The elections are being held less than two months after the signing of the Palestinian-Israeli accord on 13 September. Yet the shockwaves from this political earthquake have scarcely crossed the Jordan valley, the topographical boundary between the Palestinians on the West Bank and the Transjordanians of the East Bank. The peace accord is hardly an issue. Projections that the elections would be a plebiscite on the accord have not been realised.
Rather, the issues are bread-and- butter ones, of livelihoods and jobs in a country hard hit by the loss of its main export market, Iraq. There is a curious symmetry. Four years ago, the King announced elections as a safety valve after the eruption of food riots in Maan in the south. Then the issue was as much the question of popular participation in the decision-making process - always a sensitive issue in an Arab world still largely ruled by despots, military officers and minor sultans - as demands for basic human needs.
Much has changed in the past four years. The fall of the Berlin Wall, the end of the Soviet counterweight to US influence, the Gulf war, the peace process with Israel - all have had a big impact on Jordan. The King may, as his spokesmen insist, have made a full recovery from cancer, but his illness focused attention once more on his mortality and the succession.
The 1989 elections, the country's first for more than 30 years, were viewed inside and outside Jordan as a considerable advance for two reasons. First, they were conducted in an atmosphere of freedom and fairness almost unparalleled in the Arab world, where elections when held have a curious propensity to return a Hosni Mubarak or a Hafez al-Assad with an unlikely majority of 99.85 per cent.
Second, they also allowed in a large number of Islamic fundamentalist candidates. At first the liberal bourgeoisie was aghast at the unexpected scale of the fundamentalist gains, but soon realised that King Hussein's handling of the rising Islamic current by co-opting it into parliament was far preferable to the heavy-handed ineptitude of the Algerian or Egyptian authorities.
Yet if the participation of parties for the first time is in theory a progressive step, the change in the electoral law will have a regressive effect in practice. With one stroke of the royal pen, King Hussein in September signed the amendment of the electoral law. Hitherto, voters could cast votes for as many as nine candidates in the larger constituencies, where several seats were at stake. In 1989, this rule favoured the Islamic bloc, with its better organisation and tactical voting, over the other candidates, who were hopelessly divided. Some 22 members of the Muslim Brotherhood were elected, as well as 11 independent fundamentalists, out of a total of 80 parliamentary seats. In today's election, 550 candidates are standing for the same number of seats.
Under the new law, each registered elector will have only one vote. This will result in voters in a traditional tribal country voting for their first focus of loyalty - the tribe or clan or family - rather than any ideological or party affiliation. So although the legalisation of parties was an advance, the amendment accentuates the existing structure of the tribal society.
As one commentator put it: 'The dominant reality is that traditional social and cultural factors remain far stronger determinants of our national character than ideological sentiment or modern political and institutional structures.'
People are moved more by blood ties than political slogans. That is not to say that there is not competition within tribal groups. In some cases half a dozen candidates from one tribe are courting the same votes. Personalities rather than policies are likely to triumph. And the way tribal members vote in Maan or Kerak has more to do with anthropology than the building of freestanding institutions.

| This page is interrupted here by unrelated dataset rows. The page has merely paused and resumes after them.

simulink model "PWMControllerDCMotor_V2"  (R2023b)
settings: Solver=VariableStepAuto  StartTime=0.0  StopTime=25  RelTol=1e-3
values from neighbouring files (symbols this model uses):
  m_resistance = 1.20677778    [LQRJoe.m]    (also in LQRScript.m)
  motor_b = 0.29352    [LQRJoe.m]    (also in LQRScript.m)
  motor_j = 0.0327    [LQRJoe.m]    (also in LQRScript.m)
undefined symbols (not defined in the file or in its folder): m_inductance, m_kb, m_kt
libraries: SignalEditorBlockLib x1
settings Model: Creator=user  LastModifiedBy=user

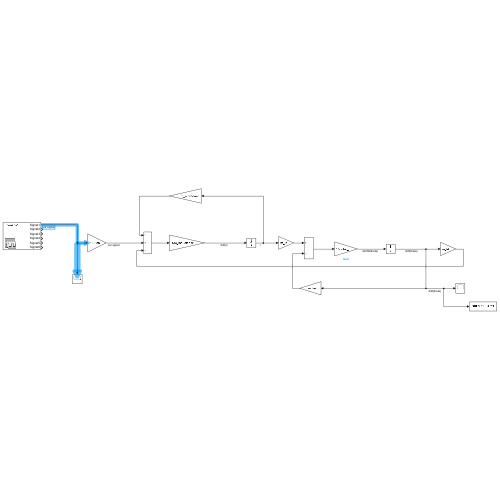
[thumbnail: Simulink's stored preview of the top-level diagram]
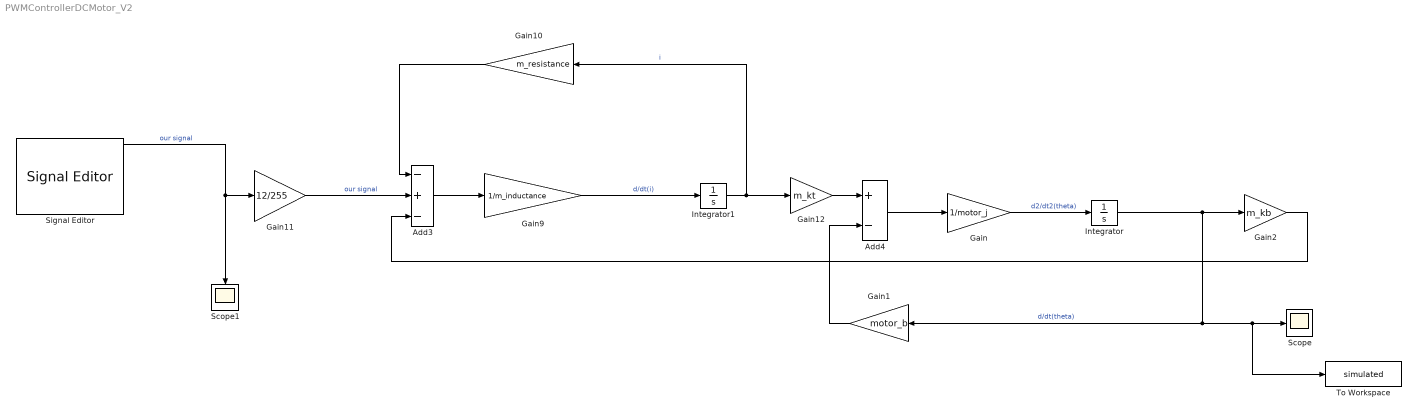
== system PWMControllerDCMotor_V2 ==
  Add3 : Sum  Inputs=-+-
  Add4 : Sum  Inputs=+-
  Gain : Gain  Gain=1/motor_j
  Gain1 : Gain  Gain=motor_b
  Gain10 : Gain  Gain=m_resistance
  Gain11 : Gain  Gain=12/255
  Gain12 : Gain  Gain=m_kt
  Gain2 : Gain  Gain=m_kb
  Gain9 : Gain  Gain=1/m_inductance
  Integrator : Integrator
  Integrator1 : Integrator
  Scope : Scope
  Scope1 : Scope
  Signal Editor : SignalEditorBlockLib/Signal Editor  FileName=MySignals.mat  ActiveScenario=Scenario1  ActiveSignal=Signal1  IsBus=off  OutputBusObjectStr=Bus: BusObject  SampleTime=0  Interpolate=off  ZeroCross=off  OutputAfterFinalValue=Setting to zero  Unit=inherit  PreserveSignalName=on  ApplySigPropsToAllScenarios=on  ApplySigPropsToAllSignals=off
  To Workspace : ToWorkspace  VariableName=simulated  SaveFormat=Timeseries  SampleTime=-1
  wires:
  Gain12/1 -> Add4/1
  Signal Editor/1 -> Scope1/1, Gain11/1  "our signal"
  Gain11/1 -> Add3/2  "our signal"
  Gain9/1 -> Integrator1/1  "d/dt(i)"
  Add3/1 -> Gain9/1
  Gain10/1 -> Add3/1
  Integrator1/1 -> Gain12/1, Gain10/1  "i"
  Add4/1 -> Gain/1
  Gain/1 -> Integrator/1  "d2/dt2(theta)"
  Integrator/1 -> Gain2/1, To Workspace/1, Scope/1, Gain1/1  "d/dt(theta)"
  Gain1/1 -> Add4/2
  Gain2/1 -> Add3/3

The main losers are expected to be candidates from the Islamic trend campaigning as the Islamic Action Front, which will be unable to exercise a block vote.
Yet though the elections are lacking in the fervid spirit of 1989, and are without the all-consuming national issues, they do represent an enhancement of a process to which King Hussein has expressed his commitment. On the one hand, he is laying down the foundations for stronger institutions to buttress the succession. On the other hand, he needs a more pliable parliament this time round to approve and ratify an accord with Israel which is due to be signed during this term.
The danger, however, in the way democratic rules have been manipulated to serve this policy is that this has bred disillusionment with the political system. People accept that the King and the palace still control matters of defence, security and foreign policy. The outgoing parliament had only limited powers of investigation and approval. With growing concern about day-to-day living, and no outlet in real political activity, the population could quite easily once more erupt in outbreaks of civil unrest.